> _What is required_: Here are the records. Write out exactly the lines between the one holding "#10222 = VERTEX_POINT ( 'NONE', #9974 ) ;" and the one holding "#12593 = ORIENTED_EDGE", inclusive.

(Items from a dataset)
◇ ◇ ◇ ◇ ◇ ◇ ◇

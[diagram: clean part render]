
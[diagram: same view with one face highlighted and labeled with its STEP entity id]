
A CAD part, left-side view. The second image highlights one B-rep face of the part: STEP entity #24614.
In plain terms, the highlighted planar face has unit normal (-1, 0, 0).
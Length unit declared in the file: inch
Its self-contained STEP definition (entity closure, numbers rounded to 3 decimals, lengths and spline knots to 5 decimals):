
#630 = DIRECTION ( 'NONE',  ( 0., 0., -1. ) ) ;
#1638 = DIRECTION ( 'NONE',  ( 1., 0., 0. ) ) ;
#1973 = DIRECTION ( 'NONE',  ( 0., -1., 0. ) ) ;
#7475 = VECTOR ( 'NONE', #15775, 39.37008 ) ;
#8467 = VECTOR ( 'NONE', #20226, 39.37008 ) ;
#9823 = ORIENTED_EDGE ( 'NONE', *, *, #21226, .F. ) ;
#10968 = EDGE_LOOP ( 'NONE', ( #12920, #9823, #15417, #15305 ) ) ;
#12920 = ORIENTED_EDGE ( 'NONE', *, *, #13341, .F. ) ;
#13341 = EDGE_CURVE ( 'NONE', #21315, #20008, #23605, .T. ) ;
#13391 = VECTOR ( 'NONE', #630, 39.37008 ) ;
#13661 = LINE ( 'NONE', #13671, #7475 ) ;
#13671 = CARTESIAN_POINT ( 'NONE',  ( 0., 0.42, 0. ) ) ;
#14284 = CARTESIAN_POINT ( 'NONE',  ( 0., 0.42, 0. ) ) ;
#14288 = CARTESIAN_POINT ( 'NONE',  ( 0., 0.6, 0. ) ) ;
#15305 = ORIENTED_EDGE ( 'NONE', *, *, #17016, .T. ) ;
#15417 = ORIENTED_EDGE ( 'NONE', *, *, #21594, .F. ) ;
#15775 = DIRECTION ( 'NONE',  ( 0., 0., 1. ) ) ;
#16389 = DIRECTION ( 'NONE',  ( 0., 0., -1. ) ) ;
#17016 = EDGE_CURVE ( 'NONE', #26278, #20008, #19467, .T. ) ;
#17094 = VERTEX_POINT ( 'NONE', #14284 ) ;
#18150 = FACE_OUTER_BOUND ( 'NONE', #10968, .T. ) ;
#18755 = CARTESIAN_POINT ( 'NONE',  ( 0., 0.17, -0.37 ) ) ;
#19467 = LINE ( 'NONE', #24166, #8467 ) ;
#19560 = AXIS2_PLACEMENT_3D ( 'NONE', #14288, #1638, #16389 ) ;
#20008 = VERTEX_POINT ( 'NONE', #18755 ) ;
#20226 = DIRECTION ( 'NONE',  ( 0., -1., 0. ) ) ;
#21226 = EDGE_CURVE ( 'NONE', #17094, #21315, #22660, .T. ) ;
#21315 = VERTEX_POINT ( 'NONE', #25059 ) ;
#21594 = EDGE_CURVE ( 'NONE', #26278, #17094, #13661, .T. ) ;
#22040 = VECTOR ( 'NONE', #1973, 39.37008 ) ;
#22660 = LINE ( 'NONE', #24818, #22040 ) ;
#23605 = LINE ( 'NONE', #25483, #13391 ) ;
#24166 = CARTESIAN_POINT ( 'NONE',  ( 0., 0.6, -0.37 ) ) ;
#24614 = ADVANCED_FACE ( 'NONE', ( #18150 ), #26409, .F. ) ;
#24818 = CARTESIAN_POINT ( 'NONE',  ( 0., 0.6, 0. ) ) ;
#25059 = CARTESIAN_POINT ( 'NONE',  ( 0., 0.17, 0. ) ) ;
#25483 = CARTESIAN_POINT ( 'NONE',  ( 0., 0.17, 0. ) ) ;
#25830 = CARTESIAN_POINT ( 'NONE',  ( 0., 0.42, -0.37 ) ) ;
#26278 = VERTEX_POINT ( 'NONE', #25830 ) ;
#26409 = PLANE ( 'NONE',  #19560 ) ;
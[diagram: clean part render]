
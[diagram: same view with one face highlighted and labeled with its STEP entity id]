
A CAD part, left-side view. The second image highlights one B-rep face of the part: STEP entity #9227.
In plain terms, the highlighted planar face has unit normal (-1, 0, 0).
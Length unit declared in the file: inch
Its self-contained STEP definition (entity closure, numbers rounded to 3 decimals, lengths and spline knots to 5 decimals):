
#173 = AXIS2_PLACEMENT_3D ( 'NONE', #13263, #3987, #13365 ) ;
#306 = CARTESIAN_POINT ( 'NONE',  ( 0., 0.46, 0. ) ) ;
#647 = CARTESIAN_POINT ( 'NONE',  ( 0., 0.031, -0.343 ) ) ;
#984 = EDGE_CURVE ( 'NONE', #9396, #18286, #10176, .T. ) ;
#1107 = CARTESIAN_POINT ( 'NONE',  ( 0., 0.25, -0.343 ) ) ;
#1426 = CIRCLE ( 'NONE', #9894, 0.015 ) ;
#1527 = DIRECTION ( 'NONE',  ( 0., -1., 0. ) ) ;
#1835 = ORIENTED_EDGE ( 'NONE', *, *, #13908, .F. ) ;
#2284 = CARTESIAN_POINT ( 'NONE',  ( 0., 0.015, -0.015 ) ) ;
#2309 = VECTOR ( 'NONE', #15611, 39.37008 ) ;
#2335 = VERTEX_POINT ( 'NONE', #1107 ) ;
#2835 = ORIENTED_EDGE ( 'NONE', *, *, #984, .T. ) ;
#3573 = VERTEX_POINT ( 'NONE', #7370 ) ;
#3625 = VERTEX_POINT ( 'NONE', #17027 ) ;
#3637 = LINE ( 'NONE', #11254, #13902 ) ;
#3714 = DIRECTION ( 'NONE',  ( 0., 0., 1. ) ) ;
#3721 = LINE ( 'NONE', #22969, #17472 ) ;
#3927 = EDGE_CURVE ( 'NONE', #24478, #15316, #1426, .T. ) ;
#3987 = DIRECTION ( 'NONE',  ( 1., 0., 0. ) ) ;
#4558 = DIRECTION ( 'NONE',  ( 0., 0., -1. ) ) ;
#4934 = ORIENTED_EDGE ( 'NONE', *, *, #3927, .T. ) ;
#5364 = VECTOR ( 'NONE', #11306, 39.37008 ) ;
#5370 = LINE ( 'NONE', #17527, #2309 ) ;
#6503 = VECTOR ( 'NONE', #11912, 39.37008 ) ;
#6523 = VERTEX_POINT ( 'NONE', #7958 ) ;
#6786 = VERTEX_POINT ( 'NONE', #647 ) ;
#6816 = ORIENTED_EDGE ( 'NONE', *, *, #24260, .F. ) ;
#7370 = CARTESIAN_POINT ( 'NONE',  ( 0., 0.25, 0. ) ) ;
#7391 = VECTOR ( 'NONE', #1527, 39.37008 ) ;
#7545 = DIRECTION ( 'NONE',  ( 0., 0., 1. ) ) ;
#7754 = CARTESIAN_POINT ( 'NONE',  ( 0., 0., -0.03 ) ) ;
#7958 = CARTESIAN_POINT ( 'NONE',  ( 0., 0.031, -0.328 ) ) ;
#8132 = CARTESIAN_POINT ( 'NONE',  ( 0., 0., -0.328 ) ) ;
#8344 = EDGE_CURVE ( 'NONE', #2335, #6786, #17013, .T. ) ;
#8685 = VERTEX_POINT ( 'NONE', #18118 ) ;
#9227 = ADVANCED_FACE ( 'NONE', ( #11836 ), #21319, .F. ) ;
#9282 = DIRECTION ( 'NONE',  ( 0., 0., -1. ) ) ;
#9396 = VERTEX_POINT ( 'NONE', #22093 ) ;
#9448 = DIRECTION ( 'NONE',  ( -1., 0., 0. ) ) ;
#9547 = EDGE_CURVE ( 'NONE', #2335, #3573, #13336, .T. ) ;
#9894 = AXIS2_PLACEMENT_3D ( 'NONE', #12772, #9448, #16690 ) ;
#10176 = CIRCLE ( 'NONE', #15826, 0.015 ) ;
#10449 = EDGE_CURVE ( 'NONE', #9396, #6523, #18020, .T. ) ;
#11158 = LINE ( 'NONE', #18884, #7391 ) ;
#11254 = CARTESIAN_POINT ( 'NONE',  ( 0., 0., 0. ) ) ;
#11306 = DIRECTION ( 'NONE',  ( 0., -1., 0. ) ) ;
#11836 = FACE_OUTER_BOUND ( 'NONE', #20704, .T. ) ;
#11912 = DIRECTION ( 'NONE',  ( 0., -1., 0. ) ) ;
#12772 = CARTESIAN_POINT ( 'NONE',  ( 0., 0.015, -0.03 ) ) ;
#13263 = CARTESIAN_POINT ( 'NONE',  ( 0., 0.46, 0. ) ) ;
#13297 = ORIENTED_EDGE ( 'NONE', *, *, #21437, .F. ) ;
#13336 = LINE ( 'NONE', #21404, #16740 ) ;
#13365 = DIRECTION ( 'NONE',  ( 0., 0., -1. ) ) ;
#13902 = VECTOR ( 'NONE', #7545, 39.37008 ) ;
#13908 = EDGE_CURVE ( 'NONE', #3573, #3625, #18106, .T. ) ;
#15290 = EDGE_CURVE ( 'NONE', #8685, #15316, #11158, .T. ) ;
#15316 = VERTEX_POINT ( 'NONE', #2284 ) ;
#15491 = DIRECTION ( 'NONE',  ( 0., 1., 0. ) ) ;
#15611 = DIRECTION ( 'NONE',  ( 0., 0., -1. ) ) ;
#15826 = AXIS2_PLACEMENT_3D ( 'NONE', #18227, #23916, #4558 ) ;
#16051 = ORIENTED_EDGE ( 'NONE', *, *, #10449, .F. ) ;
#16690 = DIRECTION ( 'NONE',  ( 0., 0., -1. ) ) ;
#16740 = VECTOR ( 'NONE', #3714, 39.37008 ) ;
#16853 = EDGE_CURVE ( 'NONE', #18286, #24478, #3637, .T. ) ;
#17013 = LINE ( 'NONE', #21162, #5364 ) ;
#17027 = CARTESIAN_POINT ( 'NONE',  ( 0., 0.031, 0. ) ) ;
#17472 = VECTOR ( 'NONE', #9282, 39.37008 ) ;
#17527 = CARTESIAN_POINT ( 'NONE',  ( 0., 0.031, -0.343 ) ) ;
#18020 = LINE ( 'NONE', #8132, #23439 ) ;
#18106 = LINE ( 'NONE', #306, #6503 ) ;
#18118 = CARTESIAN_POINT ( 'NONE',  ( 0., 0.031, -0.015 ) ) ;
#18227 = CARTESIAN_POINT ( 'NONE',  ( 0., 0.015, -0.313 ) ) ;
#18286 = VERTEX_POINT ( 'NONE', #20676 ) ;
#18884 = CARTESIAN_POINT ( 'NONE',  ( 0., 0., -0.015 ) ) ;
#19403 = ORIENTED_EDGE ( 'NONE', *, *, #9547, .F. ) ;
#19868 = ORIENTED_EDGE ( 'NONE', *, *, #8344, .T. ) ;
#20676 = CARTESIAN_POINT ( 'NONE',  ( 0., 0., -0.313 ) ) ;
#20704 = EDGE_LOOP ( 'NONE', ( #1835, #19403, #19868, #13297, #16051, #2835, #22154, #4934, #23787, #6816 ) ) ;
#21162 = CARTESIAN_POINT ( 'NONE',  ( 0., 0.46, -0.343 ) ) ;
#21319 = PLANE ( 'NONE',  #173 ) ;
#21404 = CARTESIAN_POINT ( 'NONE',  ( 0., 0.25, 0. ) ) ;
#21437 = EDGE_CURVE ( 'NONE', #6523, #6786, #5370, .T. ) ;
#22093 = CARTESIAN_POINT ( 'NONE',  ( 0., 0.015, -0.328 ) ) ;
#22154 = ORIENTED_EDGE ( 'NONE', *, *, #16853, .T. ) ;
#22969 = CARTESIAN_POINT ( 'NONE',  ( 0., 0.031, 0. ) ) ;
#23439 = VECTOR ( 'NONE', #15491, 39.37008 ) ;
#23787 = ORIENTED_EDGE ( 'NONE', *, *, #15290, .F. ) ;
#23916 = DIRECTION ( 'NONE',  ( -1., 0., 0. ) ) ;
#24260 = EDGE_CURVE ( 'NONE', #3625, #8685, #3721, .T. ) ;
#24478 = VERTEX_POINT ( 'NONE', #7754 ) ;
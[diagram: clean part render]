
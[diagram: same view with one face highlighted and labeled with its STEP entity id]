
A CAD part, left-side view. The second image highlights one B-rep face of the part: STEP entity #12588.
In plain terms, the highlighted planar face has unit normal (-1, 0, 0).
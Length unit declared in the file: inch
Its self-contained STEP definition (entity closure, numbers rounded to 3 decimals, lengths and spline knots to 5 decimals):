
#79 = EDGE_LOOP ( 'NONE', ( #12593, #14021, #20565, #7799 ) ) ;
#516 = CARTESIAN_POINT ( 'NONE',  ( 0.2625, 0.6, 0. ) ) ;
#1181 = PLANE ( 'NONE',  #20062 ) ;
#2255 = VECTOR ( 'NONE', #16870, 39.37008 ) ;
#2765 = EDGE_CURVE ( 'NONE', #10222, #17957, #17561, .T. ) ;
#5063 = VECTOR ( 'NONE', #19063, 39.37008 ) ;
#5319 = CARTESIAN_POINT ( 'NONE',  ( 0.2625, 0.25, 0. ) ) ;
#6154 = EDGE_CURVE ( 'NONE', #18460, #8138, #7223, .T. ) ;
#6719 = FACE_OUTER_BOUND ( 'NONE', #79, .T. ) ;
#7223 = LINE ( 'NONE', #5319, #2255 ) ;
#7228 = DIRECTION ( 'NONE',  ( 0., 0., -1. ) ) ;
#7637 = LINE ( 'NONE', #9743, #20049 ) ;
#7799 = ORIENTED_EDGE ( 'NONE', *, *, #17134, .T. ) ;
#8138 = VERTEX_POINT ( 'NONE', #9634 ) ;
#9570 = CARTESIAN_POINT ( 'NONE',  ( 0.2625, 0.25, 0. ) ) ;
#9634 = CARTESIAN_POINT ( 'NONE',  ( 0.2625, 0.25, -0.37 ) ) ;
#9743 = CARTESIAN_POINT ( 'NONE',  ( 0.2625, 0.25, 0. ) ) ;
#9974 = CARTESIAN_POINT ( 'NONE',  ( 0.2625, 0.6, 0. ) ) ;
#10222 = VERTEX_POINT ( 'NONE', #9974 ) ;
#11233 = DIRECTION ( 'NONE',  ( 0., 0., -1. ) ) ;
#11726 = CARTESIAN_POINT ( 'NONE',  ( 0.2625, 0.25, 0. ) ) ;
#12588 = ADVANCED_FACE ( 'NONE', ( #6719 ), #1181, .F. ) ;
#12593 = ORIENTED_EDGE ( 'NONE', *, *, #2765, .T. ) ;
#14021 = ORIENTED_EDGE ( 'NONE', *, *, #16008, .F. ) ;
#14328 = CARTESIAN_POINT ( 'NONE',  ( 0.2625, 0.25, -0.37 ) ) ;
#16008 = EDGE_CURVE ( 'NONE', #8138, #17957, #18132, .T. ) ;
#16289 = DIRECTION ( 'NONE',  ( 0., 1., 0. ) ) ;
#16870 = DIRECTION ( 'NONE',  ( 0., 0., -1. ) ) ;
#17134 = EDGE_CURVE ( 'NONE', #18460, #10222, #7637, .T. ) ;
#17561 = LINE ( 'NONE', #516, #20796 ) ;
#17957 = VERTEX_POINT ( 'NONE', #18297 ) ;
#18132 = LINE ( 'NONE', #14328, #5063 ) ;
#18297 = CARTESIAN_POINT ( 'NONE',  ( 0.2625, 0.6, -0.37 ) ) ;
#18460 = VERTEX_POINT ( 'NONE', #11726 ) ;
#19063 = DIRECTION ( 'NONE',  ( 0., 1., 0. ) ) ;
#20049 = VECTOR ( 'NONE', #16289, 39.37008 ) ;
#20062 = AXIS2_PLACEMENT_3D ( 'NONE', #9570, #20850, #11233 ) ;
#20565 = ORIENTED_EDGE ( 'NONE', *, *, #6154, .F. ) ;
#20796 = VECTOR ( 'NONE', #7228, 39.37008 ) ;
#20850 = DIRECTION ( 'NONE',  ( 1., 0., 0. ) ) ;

◇ ◇ ◇ ◇ ◇ ◇ ◇

> _Response for this exercise_:
#10222 = VERTEX_POINT ( 'NONE', #9974 ) ;
#11233 = DIRECTION ( 'NONE',  ( 0., 0., -1. ) ) ;
#11726 = CARTESIAN_POINT ( 'NONE',  ( 0.2625, 0.25, 0. ) ) ;
#12588 = ADVANCED_FACE ( 'NONE', ( #6719 ), #1181, .F. ) ;
#12593 = ORIENTED_EDGE ( 'NONE', *, *, #2765, .T. ) ;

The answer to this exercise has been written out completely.